Visualizing the Confusion Matrix

- Generate a heatmap representation of the confusion matrix, which is a visual way to analyze the performance of a classification model.
- Create the heatmap using the **sns.heatmap()** function from the seaborn library, with additional customization for labels, title, and tick marks to enhance the readability of the plot.


In [43]:
# Import seaborn for data visualization and matplotlib.pyplot for creating plots

# // TODO
# Create a subplot and visualize the confusion matrix using a heatmap with seaborn
# The heatmap will have annotations, and the color map is set to 'Blues'
# The 'fmt='g'' specifies the format for the annotations as general numeric format
fig = px.imshow(cnf_matrix, text_auto=True, color_continuous_scale="Blues")

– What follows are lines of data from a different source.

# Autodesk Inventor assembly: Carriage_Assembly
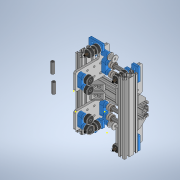
[picture p0: Inventor's stored thumbnail of the model, 180x180]
Saved by Autodesk Inventor 2021 (Build 250183000, 183)
## iProperties
Created: 2021-09-08
Part Number: Carriage_Assembly
Document SubType Name: Assembly
Designer: Jorian Brusind
Author: Jorian Brusind
## Documents named in this file (10)
- C:\Users\Jorian Brusind\Documents\GitHub\PersonalProjects\HyperRail\Inventor Files\Carriage_Assembly.iam
- C:\Users\Jorian Brusind\Documents\GitHub\PersonalProjects\Inventor Projects\Useful models\8020_Sets\IPT_20_Series\IPT_20_Series\20-2040_200mm.ipt
- C:\Users\Jorian Brusind\Documents\GitHub\PersonalProjects\Inventor Projects\Useful models\8020_Sets\IPT_20_Series\IPT_20_Series\20-2040_150mm.ipt
- C:\Users\Jorian Brusind\Documents\GitHub\PersonalProjects\HyperRail\Inventor Files\X_CarriageL_V2_0_Short.iam
- C:\Users\Jorian Brusind\Documents\GitHub\PersonalProjects\HyperRail\Inventor Files\X_CarriageR_V2_0_Short.iam
- C:\Users\Jorian Brusind\Documents\GitHub\PersonalProjects\HyperRail\Inventor Files\X_CarriageR_V2_0.iam
- C:\Users\Jorian Brusind\Documents\GitHub\PersonalProjects\HyperRail\Inventor Files\X_Carriage_V2_0.iam
- C:\Users\Jorian Brusind\Documents\GitHub\PersonalProjects\Inventor Projects\Useful models\8020_Sets\IPT_20_Series\Extra_20_Series\8020_14056m\14056_m.ipt
- C:\Users\Jorian Brusind\Documents\GitHub\PersonalProjects\HyperRail\Inventor Files\Buffer.iam
- C:\Users\Jorian Brusind\Documents\GitHub\PersonalProjects\Inventor Projects\Useful models\Metric Spacer_Standoffs\hex spacer standoff nut M5 L30.ipt
## Components (23 placed, 9 different names)
1. 20-2040_200mm:1 — Mate:1, Flush:1, Mate:2, Flush:2, Mate:3, Mate:4, Mate:5, Mate:6, Mate:7, Flush:3, Mate:9, Flush:6, Flush:7, Flush:11, Flush:12, Mate:24, Mate:25, Mate:29, Mate:51, Flush:18, Mate:53, Flush:22
2. 20-2040_200mm:2 — Mate:10, Mate:11, Flush:5, Mate:12, Mate:13, Flush:6, Flush:7, Mate:18, Mate:19, Flush:9, Flush:10, Mate:52, Flush:20, Flush:21, Mate:56, Flush:23
3. 20-2040_150mm:1 — Flush:3, Mate:8, Mate:9, Mate:20, Mate:21, Mate:22, Mate:23, Mate:26, Flush:14, Mate:27, Flush:15
4. X_CarriageL_V2_0_Short:1 [sub-assembly] — Mate:10, Flush:5, Mate:13, Mate:57, Mate:65, Mate:68
5. X_CarriageR_V2_0_Short:1 [sub-assembly] — Mate:11, Mate:12, Mate:59, Mate:60, Mate:63
6. X_CarriageR_V2_0:1 [sub-assembly] — Mate:1, Flush:1, Mate:2, Mate:8, Mate:54, Mate:64, Mate:66, Mate:67
7. X_Carriage_V2_0:1 [sub-assembly] — Flush:2, Mate:3, Mate:4, Mate:55, Mate:58, Mate:61, Mate:62
8. 14056_m:1 — Mate:19, Mate:21, Flush:9
9. 14056_m:2 — Mate:18, Mate:20, Flush:10
10. 14056_m:3 — Mate:22, Flush:12, Flush:13
11. 14056_m:4 — Mate:23, Flush:11, Flush:13, Mate:24
12. 14056_m:5 — Mate:27, Mate:29, Flush:15
13. 14056_m:6 — Mate:25, Mate:26, Flush:14
14. Buffer:1 [sub-assembly] — Mate:56, Flush:23, Mate:57
15. Buffer:2 [sub-assembly] — Mate:53, Flush:22, Mate:54
16. Buffer:3 [sub-assembly] — Mate:52, Flush:20, Flush:21
17. Buffer:4 [sub-assembly] — Mate:51, Flush:18, Mate:55
18. hex spacer standoff nut M5 L30:1
19. hex spacer standoff nut M5 L30:2 — Mate:64, Mate:65, Mate:66
20. hex spacer standoff nut M5 L30:3 — Mate:67, Mate:68
21. hex spacer standoff nut M5 L30:4 — Mate:62, Mate:63
22. hex spacer standoff nut M5 L30:5
23. hex spacer standoff nut M5 L30:6 — Mate:58, Mate:59, Mate:60, Mate:61
## Relationships (60: Mate 42, Flush 18)
- Mate:1: 20-2040_200mm:1 ↔ X_CarriageR_V2_0:1
- Flush:1: 20-2040_200mm:1 ↔ X_CarriageR_V2_0:1
- Mate:2 (5 mm): 20-2040_200mm:1 ↔ X_CarriageR_V2_0:1
- Flush:2: 20-2040_200mm:1 ↔ X_Carriage_V2_0:1
- Mate:3: 20-2040_200mm:1 ↔ X_Carriage_V2_0:1
- Mate:4 (5 mm): 20-2040_200mm:1 ↔ X_Carriage_V2_0:1
- Mate:5: 20-2040_200mm:1
- Mate:6: 20-2040_200mm:1
- Mate:7: 20-2040_200mm:1
- Flush:3: 20-2040_200mm:1 ↔ 20-2040_150mm:1
- Mate:8 (5 mm): 20-2040_150mm:1 ↔ X_CarriageR_V2_0:1
- Mate:9 (5 mm): 20-2040_200mm:1 ↔ 20-2040_150mm:1
- Mate:10: 20-2040_200mm:2 ↔ X_CarriageL_V2_0_Short:1
- Mate:11: 20-2040_200mm:2 ↔ X_CarriageR_V2_0_Short:1
- Flush:5: 20-2040_200mm:2 ↔ X_CarriageL_V2_0_Short:1
- Mate:12 (3 mm): 20-2040_200mm:2 ↔ X_CarriageR_V2_0_Short:1
- Mate:13 (3 mm): 20-2040_200mm:2 ↔ X_CarriageL_V2_0_Short:1
- Flush:6: 20-2040_200mm:1 ↔ 20-2040_200mm:2
- Flush:7: 20-2040_200mm:1 ↔ 20-2040_200mm:2
- Mate:18: 20-2040_200mm:2 ↔ 14056_m:2
- Mate:19: 20-2040_200mm:2 ↔ 14056_m:1
- Mate:20: 20-2040_150mm:1 ↔ 14056_m:2
- Mate:21: 20-2040_150mm:1 ↔ 14056_m:1
- Flush:9: 20-2040_200mm:2 ↔ 14056_m:1
- Flush:10: 20-2040_200mm:2 ↔ 14056_m:2
- Mate:22: 20-2040_150mm:1 ↔ 14056_m:3
- Mate:23: 20-2040_150mm:1 ↔ 14056_m:4
- Flush:11: 20-2040_200mm:1 ↔ 14056_m:4
- Flush:12: 20-2040_200mm:1 ↔ 14056_m:3
- Flush:13: 14056_m:3 ↔ 14056_m:4
- Mate:24: 20-2040_200mm:1 ↔ 14056_m:4
- Mate:25: 20-2040_200mm:1 ↔ 14056_m:6
- Mate:26: 20-2040_150mm:1 ↔ 14056_m:6
- Flush:14: 20-2040_150mm:1 ↔ 14056_m:6
- Mate:27: 20-2040_150mm:1 ↔ 14056_m:5
- Mate:29: 20-2040_200mm:1 ↔ 14056_m:5
- Flush:15: 20-2040_150mm:1 ↔ 14056_m:5
- Mate:51: 20-2040_200mm:1 ↔ Buffer:4
- Flush:18: 20-2040_200mm:1 ↔ Buffer:4
- Mate:52: 20-2040_200mm:2 ↔ Buffer:3
- Flush:20: 20-2040_200mm:2 ↔ Buffer:3
- Flush:21: 20-2040_200mm:2 ↔ Buffer:3
- Mate:53: 20-2040_200mm:1 ↔ Buffer:2
- Flush:22: 20-2040_200mm:1 ↔ Buffer:2
- Mate:54: X_CarriageR_V2_0:1 ↔ Buffer:2
- Mate:55: X_Carriage_V2_0:1 ↔ Buffer:4
- Mate:56: 20-2040_200mm:2 ↔ Buffer:1
- Flush:23: 20-2040_200mm:2 ↔ Buffer:1
- Mate:57: X_CarriageL_V2_0_Short:1 ↔ Buffer:1
- Mate:58: X_Carriage_V2_0:1 ↔ hex spacer standoff nut M5 L30:6
- Mate:59: X_CarriageR_V2_0_Short:1 ↔ hex spacer standoff nut M5 L30:6
- Mate:60: X_CarriageR_V2_0_Short:1 ↔ hex spacer standoff nut M5 L30:6
- Mate:61: X_Carriage_V2_0:1 ↔ hex spacer standoff nut M5 L30:6
- Mate:62: X_Carriage_V2_0:1 ↔ hex spacer standoff nut M5 L30:4
- Mate:63: X_CarriageR_V2_0_Short:1 ↔ hex spacer standoff nut M5 L30:4
- Mate:64: X_CarriageR_V2_0:1 ↔ hex spacer standoff nut M5 L30:2
- Mate:65: X_CarriageL_V2_0_Short:1 ↔ hex spacer standoff nut M5 L30:2
- Mate:66: X_CarriageR_V2_0:1 ↔ hex spacer standoff nut M5 L30:2
- Mate:67: X_CarriageR_V2_0:1 ↔ hex spacer standoff nut M5 L30:3
- Mate:68: X_CarriageL_V2_0_Short:1 ↔ hex spacer standoff nut M5 L30:3

# Set the labels, title, and ticks for better interpretation
# Set x-axis and y-axis tick labels to represent the classes ('0' and '1')

fig.update_layout(
    title="Confusion Matrix",
    xaxis_title="Predicted",
    yaxis_title="Actual",
    xaxis=dict(tickmode="array", tickvals=[0, 1], ticktext=["0", "1"]),
    yaxis=dict(tickmode="array", tickvals=[0, 1], ticktext=["0", "1"]),
)


fig.show()

### Sensitivity, Recall, Hit rate, or True Positive Rate (TPR)


In [44]:
# Calculate Sensitivity (True Positive Rate or Recall) using the formula Sensitivity = TP / (TP + FN)
# // TODO
sensitivity = TP / (TP + FN)

# Calculate Sensitivity by dividing the count of true positives (TP) by the sum of true positives and false negatives (FN)
# // TODO
# @ Done! ^^^

# Print or view the calculated Sensitivity
sensitivity

0.400489049542845

### Area Under the Receiver Operating Characteristic Curve (ROC AUC)


In [45]:
# Import the roc_auc_score function from scikit-learn to calculate the area under the Receiver Operating Characteristic (ROC) curve
from sklearn.metrics import roc_auc_score

# Calculate the area under the ROC curve (AUC) by comparing the true target values (target_test) with the predicted probabilities
# The roc_auc_score function takes the true labels and predicted probabilities as input
# // TODO
roc_auc_score(target_test, binary_predictions)

0.6370901611703702

### Observations:

Here we evaluate the model and various different metrics. We use the evaluate(), accuracy_score(), and a confusion matrix. We also calculate the sensitivity (or the recall), and we also look at the Receiver Operating Characteristic Curve statistic. Overall accuracy, we seem to be getting is 63%.